II. When is TIF used?

A TIF is used to address site and infrastructure development obstacles for a project. Obstacles can include site assembly and preparation, environmental contamination, public infrastructure, blighted conditions that impair development, investment needs for commercial districts or large areas, targeted investment of tax revenue needs, lack of private commitments, and TIF district expansion constraints.

Effective use of a TIF targets districts in need of public investment to address infrastructure issues, blight and generation of new development. Use of a TIF is appropriate when comprehensive economic and redevelopment plans are integrated and can only be completed “but for” the TIF (i.e. without the TIF, there would be no project). Lastly, TIF’s are best used when clear objectives and thresholds for projects are established through broad community representation on a TIF advisory board.

DevelopmentIII. Why would a community want TIF?

The use of a TIF can aid a community’s fight against blight by incurring the costs of development or by reimbursing a developer for redevelopment costs that normally fall upon the developer alone. Depressed areas are redeveloped, the community and local economy is improved, and property taxes remain unchanged.

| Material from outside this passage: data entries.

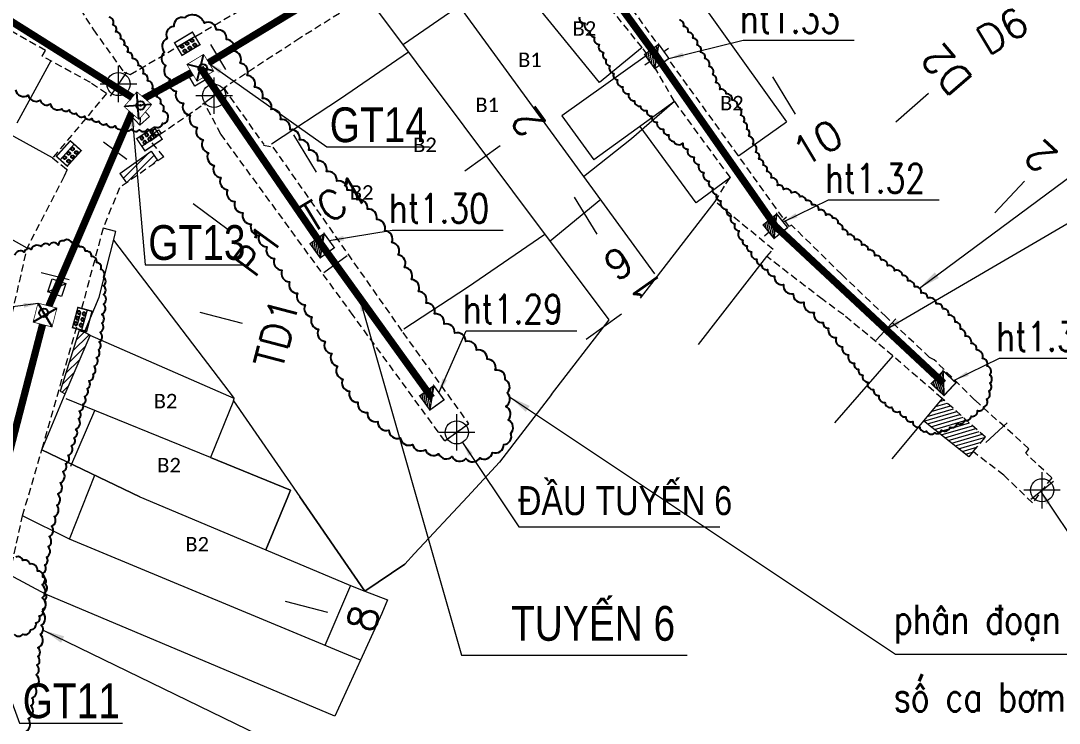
# Model space of a CAD drawing. Header units: metres. Extents: x -225 to 1156, y -96 to 896.
# Drawn here: x 913 to 984.7, y 89.4 to 137.9 of the extents above; entities that cross this region are included whole.
import ezdxf

# ---------------------------------------------------------------- set-up
doc = ezdxf.new("R2010")
doc.units = ezdxf.units.M
doc.header["$MEASUREMENT"] = 0
for name, pattern in [('ACAD_ISO05W100', [33, 24, -3, 0, -3, 0, -3]), ('DASHED', [0.75, 0.5, -0.25]), ('HIDDEN', [0.375, 0.25, -0.125])]:
    doc.linetypes.add(name, pattern=pattern)
for name, color, linetype in [('duong', 3, 'Continuous'), ('DUONG DIEN', 20, 'Continuous'), ('ga', 5, 'Continuous'), ('NHA', 2, 'Continuous'), ('NOI', 2, 'Continuous'), ('TK cong D300', 7, 'ACAD_ISO05W100'), ('TUYEN', 7, 'Continuous')]:
    doc.layers.add(name, color=color, linetype=linetype)
for name, color, linetype, lineweight in [('LC Dim', 8, 'Continuous', 18), ('LC Khac', 4, 'Continuous', 9), ('LC MANH DUT', 35, 'HIDDEN', 5), ('LC Net dam 1', 30, 'Continuous', 30), ('LC Net manh', 239, 'Continuous', 5), ('LC Net thay', 7, 'Continuous', 25), ('LC Text1', 3, 'Continuous', 20), ('LC Text2', 7, 'Continuous', 25), ('Level 10', 7, 'Continuous', 0), ('TK ga cong D300', 4, 'Continuous', 25), ('TK ga cong D500', 7, 'Continuous', 25)]:
    doc.layers.add(name, color=color, linetype=linetype, lineweight=lineweight)
doc.styles.add('LC 3', font='vnsimli.shx', dxfattribs={"width": 0.75})
doc.styles.add('Legend', font='calibri.ttf')
doc.styles.add('T2', font='', dxfattribs={"width": 0.8})
doc.styles.add('TENCOC', font='Vnromanc.shx')
doc.styles.get('T2').set_extended_font_data('.VnArialH')
doc.linetypes.add('ZIGZAG', pattern='A,0.0001,-0.2,[131,ltypeshp.shx,S=0.2,R=0,X=-0.2,Y=0],-0.4,[131,ltypeshp.shx,S=0.2,R=180,X=0.2,Y=0],-0.2', length=0.8001)
doc.dimstyles.get("Standard").update_dxf_attribs({"dimtxt": 0.18, "dimasz": 0.18, "dimexe": 0.18, "dimexo": 0.0625, "dimgap": 0.09, "dimtad": 0, "dimtih": 1, "dimtoh": 1, "dimdec": 4, "dimzin": 0, "dimdsep": 46, "dimtxsty": 'Standard', "dimcen": 0.09, "dimadec": 0, "dimazin": 0, "dimtfac": 1, "dimtdec": 4, "dimtofl": 0, "dimtmove": 0, "dimatfit": 3, "dimfxl": 1, "dimtolj": 1, "dimtzin": 0, "dimarcsym": 0})

# ---------------------------------------------------------------- blocks, each defined once
blk = doc.blocks.new('NENHIENTRANG')
at = {"layer": 'DUONG DIEN', "linetype": 'Continuous', "lineweight": 0}
h = blk.add_hatch(dxfattribs=at)
h.set_pattern_fill('ANSI31', color=256, scale=2, angle=151.40021)
h.set_pattern_definition([(196.400213078, (-598276.55, -2304804.55), (0.070586256112, -0.239828231132), [])])
h.paths.add_polyline_path([(43.75, 17.906), (44.048, 18.261), (44.899, 19.261), (41.91, 21.936), (40.627, 20.39)])
at = {"layer": 'ga', "linetype": 'Continuous', "lineweight": 0, "ltscale": 2}
h = blk.add_hatch(dxfattribs=at)
h.set_pattern_fill('ANSI31', color=8, scale=3, angle=-0.17291)
h.set_pattern_definition([(44.827088727, (-598276.55, -2304804.55), (-0.26436360276, 0.26596406813), [])])
h.paths.add_polyline_path([(-16.882, 26.291), (-17.256, 26.506), (-17.637, 26.622), (-18.946, 22.445), (-18.602, 22.249)])
h.paths.add_polyline_path([(-12.204, 38.326), (-12.672, 38.995), (-14.822, 37.451), (-14.368, 36.813)])
at = {"layer": 'duong', "color": 4, "linetype": 'HIDDEN', "lineweight": 0, "ltscale": 2}
for p, q in [((-22.793, 57.053), (-16.649, 47.387)), ((27.863, 38.683), (15.683, 55.519)), ((21.215, 46.163), (15.155, 53.614)), ((-14.106, 44.288), (-4.004, 50.216)), ((2.229, 49.705), (-2.394, 46.808)), ((-19.96, 45.955), (-24.709, 48.639)), ((-16.649, 47.387), (-14.558, 44.466)), ((-2.394, 46.808), (-7.659, 43.361)), ((-20.182, 45.565), (-19.96, 45.955)), ((21.577, 45.648), (21.215, 46.163)), ((-16.856, 43.743), (-20.182, 45.565)), ((23.444, 42.443), (21.577, 45.648)), ((-14.558, 44.466), (-14.106, 44.288)), ((-15.733, 42.984), (-16.856, 43.743)), ((-7.659, 43.361), (-4.894, 39.457)), ((-15.733, 42.984), (-19.475, 38.537)), ((-12.701, 39.726), (-8.975, 42.295)), ((-7.853, 40.171), (-8.975, 42.295)), ((27.3, 37.181), (23.444, 42.443)), ((1.277, 27.665), (-7.853, 40.171)), ((-11.79, 38.615), (-12.701, 39.726)), ((-4.909, 39.429), (-4.266, 39.281)), ((-4.266, 39.281), (4.709, 26.481)), ((-19.475, 38.537), (-18.461, 37.738)), ((-11.79, 38.615), (-14.85, 36.476)), ((31.358, 33.809), (27.863, 38.683)), ((-18.663, 37.271), (-21.217, 32.317)), ((-18.461, 37.738), (-18.663, 37.271)), ((26.243, 35.527), (26.982, 36.738)), ((26.982, 36.738), (27.3, 37.181)), ((-14.85, 36.476), (-15.976, 33.687)), ((30.245, 32.221), (26.243, 35.527)), ((-15.976, 33.687), (-17.615, 27.586)), ((31.517, 33.905), (31.358, 33.809)), ((34.982, 30.491), (31.517, 33.905)), ((-24.754, 16.808), (-21.217, 32.317)), ((29.812, 31.739), (30.245, 32.221)), ((33.674, 28.756), (29.812, 31.739)), ((38.055, 27.56), (34.982, 30.491)), ((35.123, 27.697), (33.674, 28.756)), ((-17.615, 27.586), (-20.216, 18.382)), ((7.604, 18.999), (1.277, 27.665)), ((38.504, 24.874), (35.123, 27.697)), ((41.051, 24.762), (38.055, 27.56)), ((4.709, 26.481), (9.242, 20.185)), ((41.91, 21.936), (38.504, 24.874)), ((41.37, 24.599), (41.051, 24.762)), ((44.178, 21.815), (41.37, 24.599)), ((44.899, 19.261), (41.91, 21.936)), ((47.905, 18.462), (44.178, 21.815)), ((9.242, 20.185), (7.604, 18.999)), ((44.048, 18.261), (44.899, 19.261)), ((-21.531, 13.84), (-20.216, 18.382)), ((46.17, 16.633), (44.048, 18.261)), ((47.688, 18.146), (47.905, 18.462)), ((49.475, 16.459), (47.688, 18.146)), ((48.143, 14.734), (46.17, 16.633)), ((49.475, 16.459), (48.143, 14.734)), ((-22.44, 9.752), (-21.531, 13.84))]:
    blk.add_line(p, q, dxfattribs=at)
at = {"layer": 'duong', "linetype": 'Continuous', "lineweight": 0}
for p, q in [((-14.822, 37.451), (-12.672, 38.995)), ((-12.672, 38.995), (-12.204, 38.326)), ((-14.822, 37.451), (-14.371, 36.818)), ((-15.109, 33.454), (-15.976, 33.687)), ((-16.246, 28.933), (-15.109, 33.454)), ((-17.256, 26.506), (-16.246, 28.933)), ((-17.637, 26.622), (-18.946, 22.445)), ((-17.637, 26.622), (-17.256, 26.506)), ((-18.602, 22.249), (-16.882, 26.291)), ((-16.882, 26.291), (-17.256, 26.506)), ((-20.216, 18.382), (-18.602, 22.249)), ((-18.946, 22.445), (-18.602, 22.249))]:
    blk.add_line(p, q, dxfattribs=at)
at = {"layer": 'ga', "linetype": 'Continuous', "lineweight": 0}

Property taxes remain the same under TIF because TIF is not a method of taxation. Rather, TIF is a creation of new debt through the issuance of bonds. For example, the community sells bonds to raise money for an urban renewal project, which are the incurred costs. As the renewed area becomes more valuable, it generates more property tax revenue for the community compared to the area in its blighted state. The increased difference in tax revenue from renewal is used to pay the debt service on the bonds.

Essentially, the community is selling debt as bonds to investors. These investors are paid a return on their investment through the property tax revenue of a refurbished parcel of land. The community does not have to raise property taxes because the refurbished parcel generates the increased tax revenue through its more valuable redeveloped status. The developer profits from the undertaking because it does not have to foot a portion of the cost of refurbishment. The community gains urban renewal from a private developer without footing the bill or assuming financial risk. Lastly, the bond holders, through increased tax revenue, collect a fixed return on their investment.

IV. What are the advantages of using TIF?

· Can be a powerful tool to help finance projects.
· Does not divert funds from an existing budget so political support can be more easily acquired.
· TIF use can overcome site problems or costs.
· Correct use can generate new investment, employment, and tax revenues.

Balancing of InterestsV. What are the disadvantages of using TIF?

· Tax revenue for other government uses and services is diverted (investors have to be paid back).
· Obstacles to development may not be overcome, but rather subsidized (i.e. without the TIF, would the project happen anyway?).
· TIF is a complex, costly, and time consuming tool for financing public infrastructure.
· There is incentive for higher density development to cover financing costs (most bang for your tax buck).

VI. Examples of TIF

A. Good Example

There is a vacant building on a piece of land in your city. The location has some strong commercial potential if public improvements are made to entice business development. For whatever reason, such as inadequate infrastructure, private development is unlikely in this location.

To foster development, the local government and school board agree to participate in a project to redevelop the area. Certain parcels of land are formally designated as a TIF district. Improvements under the newly created tax increment district are planned to include infrastructure. At the time the TIF district was created the property is assessed at a base value of $1 million. The taxes on the base assessment continue to go to the local government, county, school board, and other public entities that receive income from property taxes in that district. Upon improvements to and development of the land in the TIF district, the parcels now have an assessed of $11 million.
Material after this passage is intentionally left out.